In Berlin war in den dreißiger Jahren die Leitung des königlichen Theaters einem Herrn Cerf anvertraut. Ihm fehlten nicht nur literarische und musikalische Kenntnisse, sondern überhaupt Erziehung und Bildung. Er hatte das Glück, daß König Friedrich Wilhelm III. dieses Theater sehr gern und oft besuchte. Cerf hatte eine gute Oper mit ganz hervorragenden Kräften und einen Komiker, unseren Fritz Beckmann, den berühmten »Eckensteher Nante«, gewonnen, der vom königsstädtischen Theater in den Verband des K. k. Hofburgtheaters mit Dekret (eine Auszeichnung, die einzig dastand) aufgenommen wurde und zu den Lieblingen dieses Kunstinstituts bis zu seinem Tode den 6. September 1866 gehörte.
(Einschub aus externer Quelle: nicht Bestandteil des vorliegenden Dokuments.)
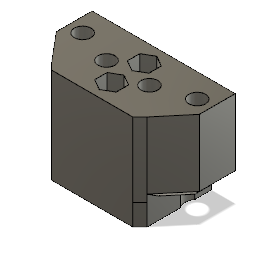
Hanger__Ceiling__Interchange (Autodesk Fusion 360 design; units mm, degrees)
Autodesk Fusion 360 part; units mm, degrees
sketch "Sketch1" plane through (0, 0, 0) normal (0, 1, 0) x (1, 0, 0)
  line L0 (0, 0) -> (60, 0)
  line L1 (60, 0) -> (60, -40)
  line L2 (60, -40) -> (0, -40)
  line L3 (0, -40) -> (0, 0)
  dimension "d1" = 60
  dimension "d2" = 40
  constraint horizontal L0
  constraint vertical L1
  constraint horizontal L2
  constraint vertical L3
  constraint coincident L0.start L3.end
  measures "d1" distance of L0.start L0.end
  measures "d2" distance of L0.start L2.end
extrude "Extrude1" add sketch "Sketch1" along normal blind 25
sketch "Sketch2" plane through (0, 25, 0) normal (0, 1, 0) x (-1, 0, 0)
  line L0 (0, 40) -> (-60, 40)
  line L1 (-60, 40) -> (-60, 0)
  line L2 (-60, 0) -> (0, 0)
  line L3 (0, 0) -> (0, 40)
  line L4 (-30, 0) -> (-30, 20)
  line L5 (-30, 20) -> (-39, 20)
  line L6 (-30, 20) -> (-21, 20)
  line L7 (-21, 20) -> (-6, 20)
  line L8 (-39, 20) -> (-54, 20)
  circle A0 centre (-21, 20) radius 3.5
  circle A1 centre (-39, 20) radius 3.5
  circle A2 centre (-54, 20) radius 3.5
  circle A3 centre (-6, 20) radius 3.5
  dimension "d5" = 20
  dimension "d6" = 9
  dimension "d7" = 9
  dimension "d8" = 15
  dimension "d9" = 15
  dimension "d10" = 7
  dimension "d11" = 7
  dimension "d12" = 7
  dimension "d13" = 7
  constraint midpoint L2 L4.start
  constraint perpendicular L0 L4
  constraint perpendicular L4 L5
  constraint perpendicular L4 L6
  constraint parallel L6 L7
  constraint perpendicular L4 L8
  constraint coincident L6.end L7.start
  constraint coincident L5.end L8.start
  constraint coincident L8.end A2.centre
  constraint coincident L7.end A3.centre
  measures "d5" distance of L4.start L4.end
  measures "d6" distance of L4.end L5.end
  measures "d7" distance of L4.end L6.end
  measures "d8" distance of L6.end L7.end
  measures "d9" distance of L5.end L8.end
  measures "d10" diameter of A0
  measures "d11" diameter of A1
  measures "d12" diameter of A2
  measures "d13" diameter of A3
extrude "Extrude2" cut sketch "Sketch2" against normal blind 25 contours L5 L8 A1 | L5 L8 A1 | L6 L7 A0 | L6 L7 A0 | A2 | A3
sketch "Sketch3" plane through (0, 0, 0) normal (0, -1, 0) x (1, 0, 0)
  circle A0 centre (21, 20) radius 3.5
  circle A1 centre (39, 20) radius 3.5
  circle A2 centre (6, 20) radius 3.5
  circle A3 centre (54, 20) radius 3.5
  line L0 (60, 40) -> (0, 40)
  line L1 (0, 40) -> (0, 0)
  line L2 (0, 0) -> (60, 0)
  line L3 (60, 0) -> (60, 40)
  circle A4 centre (6, 20) radius 6.5
  circle A5 centre (21, 20) radius 6.5
  circle A6 centre (39, 20) radius 6.5
  circle A7 centre (54, 20) radius 6.5
  dimension "d16" = 13
  dimension "d17" = 13
  dimension "d18" = 13
  dimension "d19" = 13
  constraint concentric A2 A4
  constraint concentric A0 A5
  constraint concentric A1 A6
  constraint concentric A3 A7
  measures "d16" diameter of A4
  measures "d17" diameter of A5
  measures "d18" diameter of A6
  measures "d19" diameter of A7
extrude "Extrude3" cut sketch "Sketch3" against normal blind 2 contours L3 A7 | L1 A4 | A5 | A6 picked at (59.1667, 20) picked at (0.8333, 20)
extrude "Extrude4" cut 4 faces at (0.8333, 2, 20) (26.4628, 2, 19.5032) (44.4758, 2, 19.6771) (59.1667, 2, 20) along direction (0, 1, 0) blind 13
sketch "Sketch4" plane through (0, 25, 0) normal (0, 1, 0) x (-1, 0, 0)
  circle A0 centre (-21, 20) radius 3.5
  circle A1 centre (-39, 20) radius 3.5
  circle A2 centre (-6, 20) radius 3.5
  circle A3 centre (-54, 20) radius 3.5
  line L0 (0, 40) -> (-60, 40)
  line L1 (-60, 40) -> (-60, 0)
  line L2 (-60, 0) -> (0, 0)
  line L3 (0, 0) -> (0, 40)
  line L4 (-30, 40) -> (-30, 0)
  line L5 (-30, 20) -> (-30, 26.85)
  line L6 (-30, 26.85) -> (-30, 13.15)
  circle A4 centre (-30, 13.15) radius 2
  circle A5 centre (-30, 26.85) radius 2
  dimension "d24" = 6.85
  dimension "d25" = 13.7
  dimension "d26" = 4
  dimension "d27" = 4
  constraint midpoint L0 L4.start
  constraint midpoint L2 L4.end
  constraint midpoint L4 L5.start
  constraint parallel L4 L5
  constraint parallel L4 L6
  constraint coincident L6.end A4.centre
  constraint coincident L5.end L6.start
  measures "d24" distance of L5.start L5.end
  measures "d25" distance of L5.end L6.end
  measures "d26" diameter of A4
  measures "d27" diameter of A5
sketch "Sketch5" plane through (0, 25, 0) normal (0, 1, 0) x (-1, 0, 0)
  circle A0 centre (-21, 20) radius 3.5
  circle A1 centre (-39, 20) radius 3.5
  circle A2 centre (-6, 20) radius 3.5
  circle A3 centre (-54, 20) radius 3.5
  line L0 (0, 40) -> (-60, 40)
  line L1 (-60, 40) -> (-60, 0)
  line L2 (-60, 0) -> (0, 0)
  line L3 (0, 0) -> (0, 40)
  line L4 (-34.5, 24.2519) -> (-30, 21.6538)
  line L5 (-30, 21.6538) -> (-25.5, 24.2519)
  line L6 (-25.5, 24.2519) -> (-25.5, 29.4481)
  line L7 (-25.5, 29.4481) -> (-30, 32.0462)
  line L8 (-30, 32.0462) -> (-34.5, 29.4481)
  line L9 (-34.5, 29.4481) -> (-34.5, 24.2519)
  line L10 (-34.5, 10.5519) -> (-30, 7.9538)
  line L11 (-30, 7.9538) -> (-25.5, 10.5519)
  line L12 (-25.5, 10.5519) -> (-25.5, 15.7481)
  line L13 (-25.5, 15.7481) -> (-30, 18.3462)
  line L14 (-30, 18.3462) -> (-34.5, 15.7481)
  line L15 (-34.5, 15.7481) -> (-34.5, 10.5519)
  point P0 (-30, 26.85)
  point P1 (-30, 13.15)
  dimension "d30" = 4.5
  dimension "d31" = 4.5
  measures "d30" distance of P0 L9
  measures "d31" distance of P1 L15
sketch "Sketch6" plane through (0, 0, 0) normal (0, -1, 0) x (1, 0, 0)
  arc A0 (60, 22.5) -> (60, 17.5) centre (54, 20) ccw
  line L0 (60, 22.5) -> (60, 40)
  line L1 (60, 40) -> (0, 40)
  line L2 (0, 40) -> (0, 22.5)
  arc A1 (0, 17.5) -> (0, 22.5) centre (6, 20) ccw
  line L3 (0, 17.5) -> (0, 0)
  line L4 (0, 0) -> (60, 0)
  line L5 (60, 0) -> (60, 17.5)
  circle A2 centre (21, 20) radius 6.5
  circle A3 centre (39, 20) radius 6.5
  circle A4 centre (6, 20) radius 5
  circle A5 centre (21, 20) radius 5
  circle A6 centre (54, 20) radius 5
  circle A7 centre (39, 20) radius 5
  circle A8 centre (6, 20) radius 6.5
  circle A9 centre (54, 20) radius 6.5
  circle A10 centre (39, 20) radius 6.5
  circle A11 centre (21, 20) radius 6.5
  dimension "d32" = 10
  dimension "d33" = 10
  dimension "d34" = 10
  dimension "d35" = 10
  constraint concentric A1 A4
  constraint concentric A2 A5
  constraint concentric A0 A6
  constraint concentric A3 A7
  constraint concentric A4 A8
  constraint concentric A6 A9
  constraint concentric A7 A10
  constraint concentric A5 A11
  measures "d32" diameter of A4
  measures "d33" diameter of A5
  measures "d34" diameter of A6
  measures "d35" diameter of A7
extrude "Extrude6" add sketch "Sketch6" against normal blind 15 contours A0 A9 | A1 A8 | A2 A11 | A3 A10
sketch "Sketch7" plane through (0, 25, 0) normal (0, 1, 0) x (-1, 0, 0)
  circle A0 centre (-21, 20) radius 3.5
  circle A1 centre (-39, 20) radius 3.5
  circle A2 centre (-6, 20) radius 3.5
  circle A3 centre (-54, 20) radius 3.5
  line L0 (0, 40) -> (-60, 40)
  line L1 (-60, 40) -> (-60, 0)
  line L2 (-60, 0) -> (0, 0)
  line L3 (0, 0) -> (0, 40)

Das abwechselnde Repertoire zog das Publikum mächtig ins Königstädtische Theater; Cerf machte brillante Geschäfte. Nicht nur König Friedrich Wilhelm III., sondern auch Prinz Karl fand Wohlgefallen an dem ungebildeten aber praktischen Geschäftsmann, dem sie es nachsahen, wenn er sich in ihrer Gegenwart in zwangloser Form bewegte und äußerte. Wenn die hohen Herrschaften sich zum Besuch des Theaters angesagt hatten, wartete Cerf an der Tür, um sie bei der Ankunft am Wagenschlag zu begrüßen. Eines Abends fuhr Prinz Karl vor. Cerf stand, wie immer, zum Empfange am Wagen. Ein Schusterjunge, der vorbeiging, rief »Schafskopf«. Cerf sagte sofort: »Königliche Hoheit, er hat mir gemeint.« »Das hoffe ich«, erwiderte der Prinz lachend.

Die Loge des Königs befand sich im Proszenium dicht an der Bühne. Es gehörte zu den Gewohnheiten des Monarchen, über die Brüstung seiner Loge nach der Bühne und ebenso auch nach dem Auditorium zu schauen und dabei den Kopf vorzustrecken. Eines Abends, als sich Cerf in der Loge des Königs befand, beugte sich dieser wieder einmal mit dem Kopfe über die Brüstung. Darauf sagte Cerf wörtlich: »Bitte, Majestät, nicht den Kopf so weit vorzustrecken, die Schweinigels oben spucken oft herunter.« Mit Lächeln nahm der König den gutgemeinten Rat an.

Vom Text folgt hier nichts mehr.